I move before my brain decides to second-guess. In the formal living room, Junia Wolfe stands beside the long table like she owns her corner of it by merit alone. She’s around fifty, dark hair with a white streak she wears like heritage, boots that belong to a person who expects to be on her feet, a linen shirt rolled to the elbows. Her bag is soft leather, scuffed, heavy. She looks atme and the look isn’t greed or pity. It’s assessment, patient and specific.

“Hi. I’m Phoenix,” I say.

“Junia,” she answers. “We’re going to put a face on paper and you’re going to tell me where it’s wrong until it’s right.”

Atticus has already staged the room exactly as he promised: comfortable chairs, a carafe of coffee, water, tissues, a thin blanket folded on the ottoman like we host civilized breakdowns. The windows are open a few inches. The light is good. Spencer is in a wingback at the edge, newspaper in hand, not meddling. Storm is the hinge in the doorway—present without looming. Conrad isn’t here, which somehow helps; I don’t need his need on my skin while I do this.

Junia unrolls a pencil kit and sets out pads. She doesn’t show me samples of her work. She doesn’t tell me about court cases she helped. She says, “Head shape.”

“Long,” I say. “Like he grew into it late.”

She drags a light oval.

“Hair?”

“Short. Clean. Nothing to distract.”

“Brow.”

“Straight. Strict.”

“Eyes.”

“Average size,” I say. “But you don’t see the color first. You see the…nothing…in his eyes. It’s… careful.”

“Nose.”

“Straight. Fixed once.”

She nods, sketches. She doesn’t make me relive the container. She keeps me in the room with the page. She asks about the scar near the ear. I touch my own, show her the length, the thinness. She draws it in quickly, not a flourish. She asks about the mouth. I say efficient, not mean. She puts the line down softer than I expect, and that’s somehow worse. We talk ears. Small, close. Knuckles, not soft. Watch? No. Tie? No. Shoes clean, soles quiet.

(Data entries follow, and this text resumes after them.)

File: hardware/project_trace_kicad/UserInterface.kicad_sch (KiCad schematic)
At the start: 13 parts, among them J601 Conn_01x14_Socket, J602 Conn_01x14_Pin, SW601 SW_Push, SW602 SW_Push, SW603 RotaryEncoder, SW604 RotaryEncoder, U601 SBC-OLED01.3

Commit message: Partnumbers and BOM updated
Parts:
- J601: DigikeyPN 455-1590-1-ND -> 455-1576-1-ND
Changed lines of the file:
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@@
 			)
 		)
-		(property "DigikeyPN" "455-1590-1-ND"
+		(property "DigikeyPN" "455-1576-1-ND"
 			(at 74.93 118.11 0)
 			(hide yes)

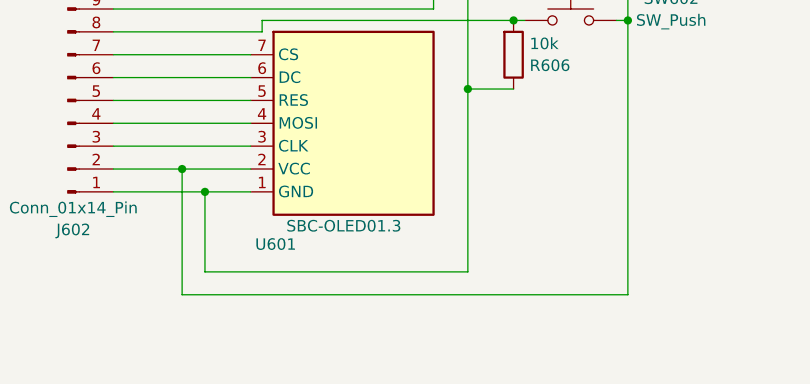
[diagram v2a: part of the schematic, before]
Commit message: Implement new DiffAmp, Small Improvements
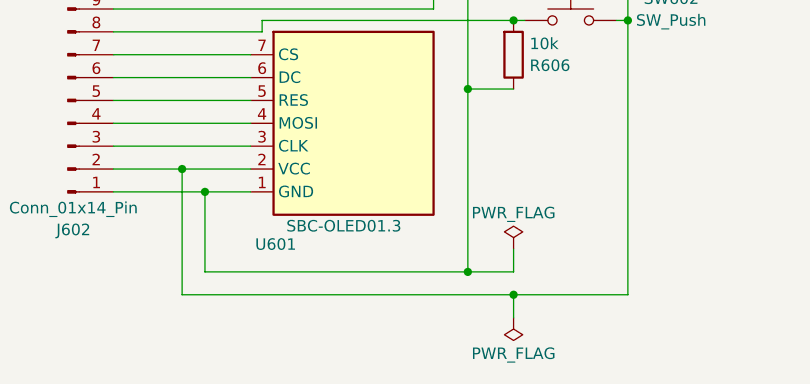
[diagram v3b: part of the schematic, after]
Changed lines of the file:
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@@
+	)
+	(junction
+		(at 147.32 144.78)
+		(diameter 0)
+		(color 0 0 0 0)
 	)
 	(junction
@@
 	)
 	(junction
+		(at 142.24 142.24)
+		(diameter 0)
+		(color 0 0 0 0)
+	)
+	(junction
 		(at 147.32 101.6)
 		(diameter 0)
@@
 	(wire
 		(pts
-			(xy 110.49 144.78) (xy 160.02 144.78)
+			(xy 110.49 144.78) (xy 147.32 144.78)
 		)
 		(stroke
@@
 	(wire
 		(pts
+			(xy 147.32 144.78) (xy 160.02 144.78)
+		)
+		(stroke
+			(width 0)
+			(type default)
+		)
+	)
+	(wire
+		(pts
 			(xy 152.4 44.45) (xy 151.13 44.45)
 		)
@@
 	(wire
 		(pts
+			(xy 147.32 144.78) (xy 147.32 147.32)
+		)
+		(stroke
+			(width 0)
+			(type default)
+		)
+	)
+	(wire
+		(pts
 			(xy 142.24 73.66) (xy 143.51 73.66)
 		)
@@
 	(wire
 		(pts
+			(xy 147.32 142.24) (xy 142.24 142.24)
+		)
+		(stroke
+			(width 0)
+			(type default)
+		)
+	)
+	(wire
+		(pts
 			(xy 154.94 82.55) (xy 157.48 82.55)
 		)
@@
 		(pts
 			(xy 151.13 73.66) (xy 152.4 73.66)
+		)
+		(stroke
+			(width 0)
+			(type default)
+		)
+	)
+	(wire
+		(pts
+			(xy 147.32 139.7) (xy 147.32 142.24)
 		)
 		(stroke
@@
 	)
 	(symbol
+		(lib_id "power:PWR_FLAG")
+		(at 147.32 139.7 0)
+		(unit 1)
+		(body_style 1)
+		(exclude_from_sim no)
+		(in_bom yes)
+		(on_board yes)
+		(in_pos_files yes)
+		(dnp no)
+		(fields_autoplaced yes)
+		(property "Reference" "#FLG0601"
+			(at 147.32 137.795 0)
+			(hide yes)
+			(show_name no)
+			(do_not_autoplace no)
+			(effects
+				(font
+					(size 1.27 1.27)
+				)
+			)
+		)
+		(property "Value" "PWR_FLAG"
+			(at 147.32 135.6952 0)
+			(show_name no)
+			(do_not_autoplace no)
+			(effects
+				(font
+					(size 1.27 1.27)
+				)
+			)
+		)
+		(property "Footprint" ""
+			(at 147.32 139.7 0)
+			(hide yes)
+			(show_name no)
+			(do_not_autoplace no)
+			(effects
+				(font
+					(size 1.27 1.27)
+				)
+			)
+		)
+		(property "Datasheet" ""
+			(at 147.32 139.7 0)
+			(hide yes)
+			(show_name no)
+			(do_not_autoplace no)
+			(effects
+				(font
+					(size 1.27 1.27)
+				)
+			)
+		)
+		(property "Description" "Special symbol for telling ERC where power comes from"
+			(at 147.32 139.7 0)
+			(hide yes)
+			(show_name no)
+			(do_not_autoplace no)
+			(effects
+				(font
+					(size 1.27 1.27)
+				)
+			)
+		)
+		(pin "1"
+		)
+		(instances
+			(project "project_trace_kicad"
+				(path "/af51f4e5-b952-4b0e-baf2-78a72fb86fcd/9647d892-1f14-4449-8bb1-1c7676664973"
+					(reference "#FLG0601")
+					(unit 1)
+				)
+			)
+		)
+	)
+	(symbol
 		(lib_id "Device:R")
 		(at 147.32 106.68 0)
@@
 					(unit 1)
 				)
+			)
+		)
+	)
+	(symbol
+		(lib_id "power:PWR_FLAG")
+		(at 147.32 147.32 0)
+		(mirror x)
+		(unit 1)
+		(body_style 1)
+		(exclude_from_sim no)
+		(in_bom yes)
+		(on_board yes)
+		(in_pos_files yes)
+		(dnp no)
+		(property "Reference" "#FLG0602"
+			(at 147.32 149.225 0)
+			(hide yes)
+			(show_name no)
+			(do_not_autoplace no)
+			(effects
+				(font
+					(size 1.27 1.27)
+				)
+			)
+		)
+		(property "Value" "PWR_FLAG"
+			(at 147.32 151.3248 0)
+			(show_name no)
+			(do_not_autoplace no)
+			(effects
+				(font
+					(size 1.27 1.27)
+				)
+			)
+		)
+		(property "Footprint" ""
+			(at 147.32 147.32 0)
+			(hide yes)
+			(show_name no)
+			(do_not_autoplace no)
+			(effects
+				(font
+					(size 1.27 1.27)
+				)
+			)
+		)
+		(property "Datasheet" ""
+			(at 147.32 147.32 0)
+			(hide yes)
+			(show_name no)
+			(do_not_autoplace no)
+			(effects
+				(font
+					(size 1.27 1.27)
+				)
+			)
+		)
+		(property "Description" "Special symbol for telling ERC where power comes from"
+			(at 147.32 147.32 0)
+			(hide yes)
+			(show_name no)
+			(do_not_autoplace no)
+			(effects
+				(font
+					(size 1.27 1.27)
+				)
+			)
+		)
+		(pin "1"
+		)
+		(instances
+			(project "project_trace_kicad"
+				(path "/af51f4e5-b952-4b0e-baf2-78a72fb86fcd/9647d892-1f14-4449-8bb1-1c7676664973"
+					(reference "#FLG0602")
+					(unit 1)
+				)

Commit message: Changes to Digital
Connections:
- net UI.GND: now reaches J602.1 (Pin_1), R605.2, R606.1, U601.1 (GND)
- net UI.GND: now also SW603.C, SW604.C; no longer R601.1, R602.1, R603.1, R604.2
- net UI.VCC: now reaches J602.2 (Pin_2), SW601.2, SW602.1, U601.2 (VCC)
- net UI.VCC: now also R601.2, R602.2, R603.1, R604.2; no longer SW603.C, SW604.C
- net at J602.12 (Pin_12), SW603.B: now also R601.1; no longer R602.2
- net at J602.13 (Pin_13), SW603.A: now also R602.1; no longer R601.2
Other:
- moved on the sheet: R601, R602, R603, R604, R605, R606, SW601, SW603, SW604

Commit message: Unfinished change of UI connectivity
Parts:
- removed J601: Conn_01x14_Socket, ProjectTraceFootprints:JST_BM14B-GHS-TBT_LF__SN__N_, symbol Connector:Conn_01x14_Socket
- removed J602: Conn_01x14_Pin, symbol Connector:Conn_01x14_Pin
- removed R605, R606: 10k, Resistor_THT:R_Axial_DIN0207_L6.3mm_D2.5mm_P10.16mm_Horizontal, symbol Device:R
- removed SW601: SW_Push, symbol Switch:SW_Push
- added SW603: SW_Push, symbol Switch:SW_Push
- added UIC601, UIC602, UIC603, UIC604, UIC605, UIC606, UIC607, UIC608, UIC609, UIC610, UIC611, UIC612, UIC613, UIC614, UIC615, UIC616, UIC617, UIC618, UIC619, UIC620, UIC621: UIconnector, TestPoint:TestPoint_Pad_D2.5mm, symbol Connector:TestPoint
- renumbered SW603 to SW601
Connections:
- net +3V3: now also R601.1, R602.2, R603.1, R604.1
- net Disp.CLK: now also U601.3 (CLK), UIC610.1
- net Disp.DC: now also U601.6 (DC), UIC604.1
- net Disp.MOSI: now also U601.4 (MOSI), UIC608.1
- net Disp.RES: now also U601.5 (RES), UIC606.1
- net Disp.~{CS}: now also U601.7 (CS), UIC602.1
- net SW1: now also UIC619.1
- net SW2: now also UIC616.1
- net SW3.A: now also R601.2, UIC614.1
- net SW3.B: now also R602.1, UIC615.1
- net SW4.A: now also R603.2, UIC617.1
- net SW4.B: now also R604.2, UIC618.1
- net UI.GND: now also SW602.1, SW603.2, UIC601.1, UIC603.1, UIC605.1, UIC607.1, UIC609.1, UIC611.1, UIC613.1, UIC620.1, UIC621.1
- net UI.VCC: now also UIC612.1; no longer R601.2, R602.2, R603.1, R604.2, SW602.1
- net at SW604.A: no longer R603.2
- net at SW601.A: no longer R602.1
- net at SW604.B: no longer R604.1
- net at SW601.B: no longer R601.1
- no-connect marks 2 -> 6
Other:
- note added: "Off-board"
- note added: "Pullup from MCU"
- note removed: "CLK"
- note removed: "CS"
- note removed: "DC"
- note removed: "GND"
- note removed: "MOSI"
- note removed: "NC"
- note removed: "RES"
- note removed: "VCC"
- moved on the sheet: SW601, SW602, SW604, U601

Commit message: Review 1 issues adressed
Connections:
- net +3V3: now also UIC612.1
- net UI.GND: no longer UIC601.1, UIC603.1, UIC605.1, UIC607.1, UIC609.1, UIC611.1, UIC613.1, UIC620.1, UIC621.1
- net UI.VCC: no longer UIC612.1
- new net GND: UIC601.1, UIC603.1, UIC605.1, UIC607.1, UIC609.1, UIC611.1, UIC613.1, UIC620.1, UIC621.1
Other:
- moved on the sheet: UIC601, UIC602, UIC603, UIC604, UIC605, UIC606, UIC607, UIC608, UIC609, UIC610, UIC611, UIC612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

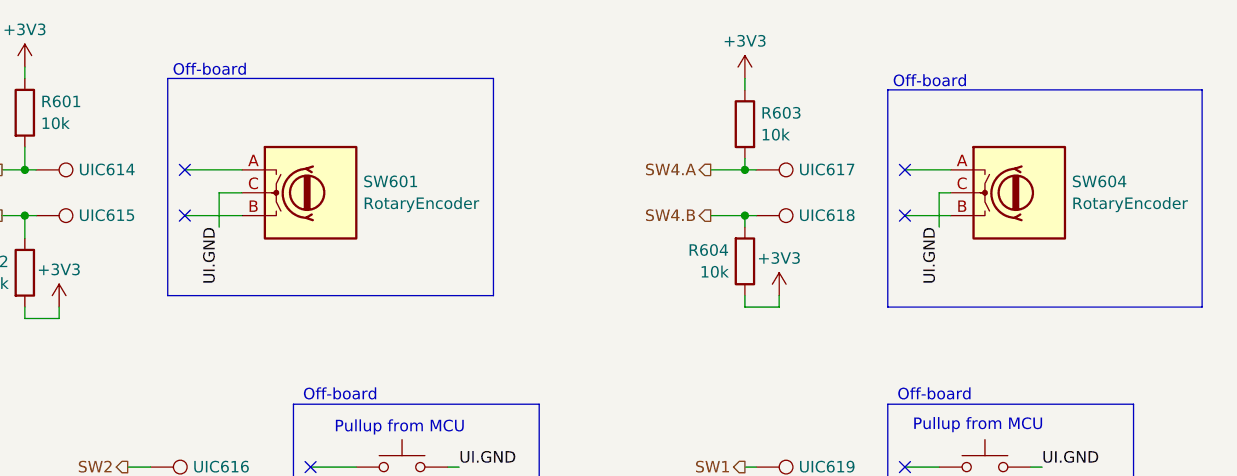
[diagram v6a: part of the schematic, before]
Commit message: Address items of internal review
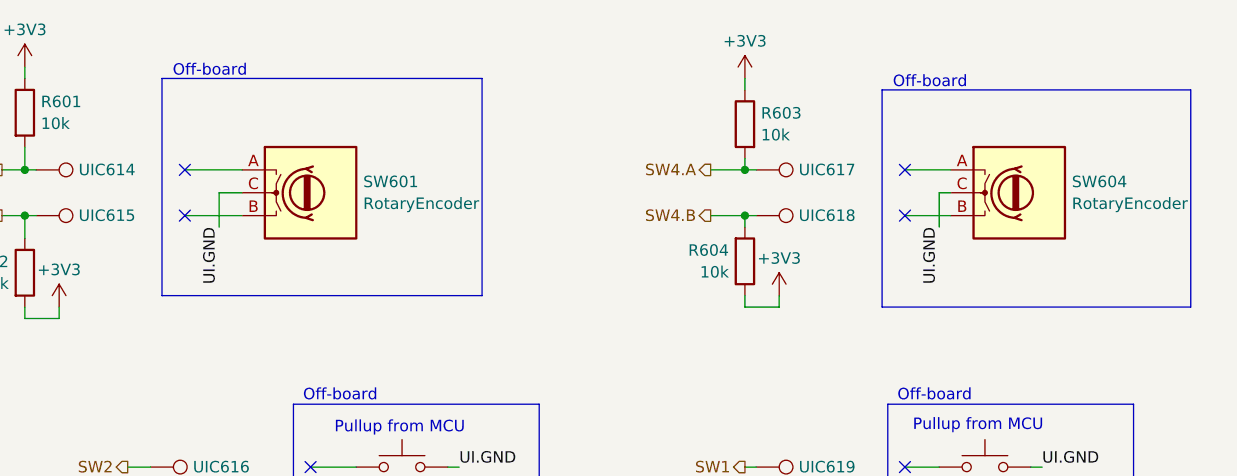
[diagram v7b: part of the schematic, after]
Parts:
- R601, R602, R603, R604: footprint Resistor_THT:R_Axial_DIN0207_L6.3mm_D2.5mm_P10.16mm_Horizontal -> Resistor_SMD:R_0603_1608Metric_Pad0.98x0.95mm_HandSolder; DigikeyPN (none) -> YAG1236CT-ND
- SW601, SW602, SW603, SW604, U601: DigikeyPN (none) -> N/A
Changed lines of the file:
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@@
 	(title_block
 		(title "Multilloscope - UserInterface")
-		(date "2026-04-06")
-		(comment 1 "Alexander N. Olsen")
+		(date "2026-04-19")
+		(rev "2")
+		(comment 1 "Reviewed by Laurits K. Hillemann")
+		(comment 2 "Alexander N. Olsen")
 	)
 	(rectangle
@@
 	)
 	(rectangle
-		(start 146.685 48.26)
-		(end 182.88 72.39)
+		(start 146.05 48.26)
+		(end 181.61 72.39)
 		(stroke
 			(width 0)
@@
 	)
 	(rectangle
-		(start 226.695 49.53)
-		(end 261.62 73.66)
+		(start 226.06 49.53)
+		(end 260.35 73.66)
 		(stroke
 			(width 0)
@@
 			)
 		)
+		(property "DigikeyPN" "N/A"
+			(at 172.72 91.44 0)
+			(hide yes)
+			(show_name no)
+			(do_not_autoplace no)
+			(effects
+				(font
+					(size 1.27 1.27)
+				)
+			)
+		)
 		(pin "2"
 		)
@@
 		(exclude_from_sim no)
 		(in_bom yes)
-		(on_board no)
+		(on_board yes)
 		(in_pos_files yes)
 		(dnp no)
@@
 			)
 		)
-		(property "Footprint" "Resistor_THT:R_Axial_DIN0207_L6.3mm_D2.5mm_P10.16mm_Horizontal"
+		(property "Footprint" "Resistor_SMD:R_0603_1608Metric_Pad0.98x0.95mm_HandSolder"
 			(at 129.032 69.85 90)
 			(hide yes)
@@
 			)
 		)
+		(property "DigikeyPN" "YAG1236CT-ND"
+			(at 130.81 69.85 0)
+			(hide yes)
+			(show_name no)
+			(do_not_autoplace no)
+			(effects
+				(font
+					(size 1.27 1.27)
+				)
+			)
+		)
 		(pin "2"
 		)
@@
 			)
 		)
+		(property "DigikeyPN" "N/A"
+			(at 162.56 60.96 0)
+			(hide yes)
+			(show_name no)
+			(do_not_autoplace no)
+			(effects
+				(font
+					(size 1.27 1.27)
+				)
+			)
+		)
 		(pin "B"
 		)
@@
 			)
 		)
+		(property "DigikeyPN" "N/A"
+			(at 241.3 60.96 0)
+			(hide yes)
+			(show_name no)
+			(do_not_autoplace no)
+			(effects
+				(font
+					(size 1.27 1.27)
+				)
+			)
+		)
 		(pin "B"
 		)
@@
 		(exclude_from_sim no)
 		(in_bom yes)
-		(on_board no)
+		(on_board yes)
 		(in_pos_files yes)
 		(dnp no)
@@
 			)
 		)
-		(property "Footprint" "Resistor_THT:R_Axial_DIN0207_L6.3mm_D2.5mm_P10.16mm_Horizontal"
+		(property "Footprint" "Resistor_SMD:R_0603_1608Metric_Pad0.98x0.95mm_HandSolder"
 			(at 209.042 68.58 90)
 			(hide yes)
@@
 			)
 		)
+		(property "DigikeyPN" "YAG1236CT-ND"
+			(at 210.82 68.58 0)
+			(hide yes)
+			(show_name no)
+			(do_not_autoplace no)
+			(effects
+				(font
+					(size 1.27 1.27)
+				)
+			)
+		)
 		(pin "2"
 		)
@@
 		(exclude_from_sim no)
 		(in_bom yes)
-		(on_board no)
+		(on_board yes)
 		(in_pos_files yes)
 		(dnp no)
@@
 			)
 		)
-		(property "Footprint" "Resistor_THT:R_Axial_DIN0207_L6.3mm_D2.5mm_P10.16mm_Horizontal"
+		(property "Footprint" "Resistor_SMD:R_0603_1608Metric_Pad0.98x0.95mm_HandSolder"
 			(at 129.032 52.07 90)
 			(hide yes)
@@
 			)
 		)
+		(property "DigikeyPN" "YAG1236CT-ND"
+			(at 130.81 52.07 0)
+			(hide yes)
+			(show_name no)
+			(do_not_autoplace no)
+			(effects
+				(font
+					(size 1.27 1.27)
+				)
+			)
+		)
 		(pin "2"
 		)
@@
 		(exclude_from_sim no)
 		(in_bom yes)
-		(on_board no)
+		(on_board yes)
 		(in_pos_files yes)
 		(dnp no)
@@
 			)
 		)
-		(property "Footprint" "Resistor_THT:R_Axial_DIN0207_L6.3mm_D2.5mm_P10.16mm_Horizontal"
+		(property "Footprint" "Resistor_SMD:R_0603_1608Metric_Pad0.98x0.95mm_HandSolder"
 			(at 212.598 53.34 90)
 			(hide yes)
@@
 			)
 		)
+		(property "DigikeyPN" "YAG1236CT-ND"
+			(at 210.82 53.34 0)
+			(hide yes)
+			(show_name no)
+			(do_not_autoplace no)
+			(effects
+				(font
+					(size 1.27 1.27)
+				)
+			)
+		)
 		(pin "2"
 		)
@@
 			)
 		)
+		(property "DigikeyPN" "N/A"
+			(at 116.84 143.51 0)
+			(hide yes)
+			(show_name no)
+			(do_not_autoplace no)
+			(effects
+				(font
+					(size 1.27 1.27)
+				)
+			)
+		)
 		(pin "4"
 		)
@@
 			(at 237.49 91.44 0)
 			(hide yes)
+			(show_name no)
+			(do_not_autoplace no)
+			(effects
+				(font
+					(size 1.27 1.27)
+				)
+			)
+		)
+		(property "DigikeyPN" "N/A"
+			(at 237.49 91.44 0)
+			(hide yes)

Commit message: Small Fixes, Fabrication File Check
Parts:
- renumbered UIC620 to UIC617, UIC621 to UIC618, UIC617 to UIC619, UIC618 to UIC620, UIC619 to UIC621
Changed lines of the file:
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@@
 		(dnp no)
 		(fields_autoplaced yes)
-		(property "Reference" "#PWR0604"
+		(property "Reference" "#PWR0607"
 			(at 214.63 76.2 0)
 			(hide yes)
@@
 			(project "project_trace_kicad"
 				(path "/af51f4e5-b952-4b0e-baf2-78a72fb86fcd/9647d892-1f14-4449-8bb1-1c7676664973"
-					(reference "#PWR0604")
+					(reference "#PWR0607")
 					(unit 1)
 				)
@@
 		(dnp no)
 		(fields_autoplaced yes)
-		(property "Reference" "#PWR0606"
+		(property "Reference" "#PWR0601"
 			(at 99.06 116.84 0)
 			(hide yes)
@@
 			(project "project_trace_kicad"
 				(path "/af51f4e5-b952-4b0e-baf2-78a72fb86fcd/9647d892-1f14-4449-8bb1-1c7676664973"
-					(reference "#PWR0606")
+					(reference "#PWR0601")
 					(unit 1)
 				)
@@
 		(dnp no)
 		(fields_autoplaced yes)
-		(property "Reference" "#PWR0602"
+		(property "Reference" "#PWR0604"
 			(at 134.62 77.47 0)
 			(hide yes)
@@
 			(project "project_trace_kicad"
 				(path "/af51f4e5-b952-4b0e-baf2-78a72fb86fcd/9647d892-1f14-4449-8bb1-1c7676664973"
-					(reference "#PWR0602")
+					(reference "#PWR0604")
 					(unit 1)
 				)
@@
 		(dnp no)
 		(fields_autoplaced yes)
-		(property "Reference" "UIC617"
+		(property "Reference" "UIC619"
 			(at 216.789 58.42 90)
 			(show_name no)
@@
 			(project "project_trace_kicad"
 				(path "/af51f4e5-b952-4b0e-baf2-78a72fb86fcd/9647d892-1f14-4449-8bb1-1c7676664973"
-					(reference "UIC617")
+					(reference "UIC619")
 					(unit 1)
 				)
@@
 		(dnp no)
 		(fields_autoplaced yes)
-		(property "Reference" "#PWR0607"
+		(property "Reference" "#PWR0602"
 			(at 102.87 134.62 0)
 			(hide yes)
@@
 			(project "project_trace_kicad"
 				(path "/af51f4e5-b952-4b0e-baf2-78a72fb86fcd/9647d892-1f14-4449-8bb1-1c7676664973"
-					(reference "#PWR0607")
+					(reference "#PWR0602")
 					(unit 1)
 				)
@@
 		(dnp no)
 		(fields_autoplaced yes)
-		(property "Reference" "#PWR0601"
+		(property "Reference" "#PWR0603"
 			(at 130.81 50.8 0)
 			(hide yes)
@@
 			(project "project_trace_kicad"
 				(path "/af51f4e5-b952-4b0e-baf2-78a72fb86fcd/9647d892-1f14-4449-8bb1-1c7676664973"
-					(reference "#PWR0601")
+					(reference "#PWR0603")
 					(unit 1)
 				)
@@
 		(dnp no)
 		(fields_autoplaced yes)
-		(property "Reference" "UIC621"
+		(property "Reference" "UIC618"
 			(at 185.039 118.11 90)
 			(show_name no)
@@
 			(project "project_trace_kicad"
 				(path "/af51f4e5-b952-4b0e-baf2-78a72fb86fcd/9647d892-1f14-4449-8bb1-1c7676664973"
-					(reference "UIC621")
+					(reference "UIC618")
 					(unit 1)
 				)
@@
 		(dnp no)
 		(fields_autoplaced yes)
-		(property "Reference" "UIC620"
+		(property "Reference" "UIC617"
 			(at 185.039 113.03 90)
 			(show_name no)
@@
 			(project "project_trace_kicad"
 				(path "/af51f4e5-b952-4b0e-baf2-78a72fb86fcd/9647d892-1f14-4449-8bb1-1c7676664973"
-					(reference "UIC620")
+					(reference "UIC617")
 					(unit 1)
 				)
@@
 		(dnp no)
 		(fields_autoplaced yes)
-		(property "Reference" "#PWR0603"
+		(property "Reference" "#PWR0606"
 			(at 210.82 52.07 0)
 			(hide yes)
@@
 			(project "project_trace_kicad"
 				(path "/af51f4e5-b952-4b0e-baf2-78a72fb86fcd/9647d892-1f14-4449-8bb1-1c7676664973"
-					(reference "#PWR0603")
+					(reference "#PWR0606")
 					(unit 1)
 				)
@@
 		(dnp no)
 		(fields_autoplaced yes)
-		(property "Reference" "UIC618"
+		(property "Reference" "UIC620"
 			(at 216.789 63.5 90)
 			(show_name no)
@@
 			(project "project_trace_kicad"
 				(path "/af51f4e5-b952-4b0e-baf2-78a72fb86fcd/9647d892-1f14-4449-8bb1-1c7676664973"
-					(reference "UIC618")
+					(reference "UIC620")
 					(unit 1)
 				)
@@
 		(dnp no)
 		(fields_autoplaced yes)
-		(property "Reference" "UIC619"
+		(property "Reference" "UIC621"
 			(at 216.789 91.44 90)
 			(show_name no)
@@
 			(project "project_trace_kicad"
 				(path "/af51f4e5-b952-4b0e-baf2-78a72fb86fcd/9647d892-1f14-4449-8bb1-1c7676664973"
-					(reference "UIC619")
-					(unit 1)
-				)
+					(reference "UIC621")
+					(unit 1)
+				)

Time loses its edges. I sip water. Someone—Maverick—refills it like a ghostly butler. Junia works in cycles: marks, eraser, brush, marks. The first face is close in the jaw and wrong in the eyes. The second is wrong in the mouth. The third makes the air in my lungs change weight.

“There,” I say. I feel it in my stomach, the same hitch from the container’s doorway. “That’s him.”

Junia looks at me and then at the page and then at me again. “You’re sure enough to hate him when you see him in the wild?”

“Yes.”

She signs a small wolf’s head in the corner with a wry flourish and slides the pad toward me. “This one is yours. I’ll do two copies in the other pad for your tech and your wall. If you want me to age him up or down, I can. If you want the hair different, I can. But this, as he walked into your room, lives right here.”

“Thank you,” I say. It’s inadequate. It’s all I have without crying.

“Don’t thank me,” she says, packing the pencils with brisk care. “Tell the men to pay my invoice on time. And if this face ends up on fire in a kitchen sink, invite me to watch.”

“Deal.”

We don’t hug. She shakes my hand. Her grip is firm and ordinary. She leaves with Storm escorting her out as if he’s just taking in the morning and not calculating threats. Atticus clicks something on his phone and then sets it face down. He doesn’t touch the drawing. He waits for me to decide what comes next.

What comes next is simple: show them, and then tell them I want to be in the room when they decide what to do with this information. I pick up the top sheet and walk toward the den, heart steady. My body is doing that thing where it pretends it’s fine so my brain can finish the job.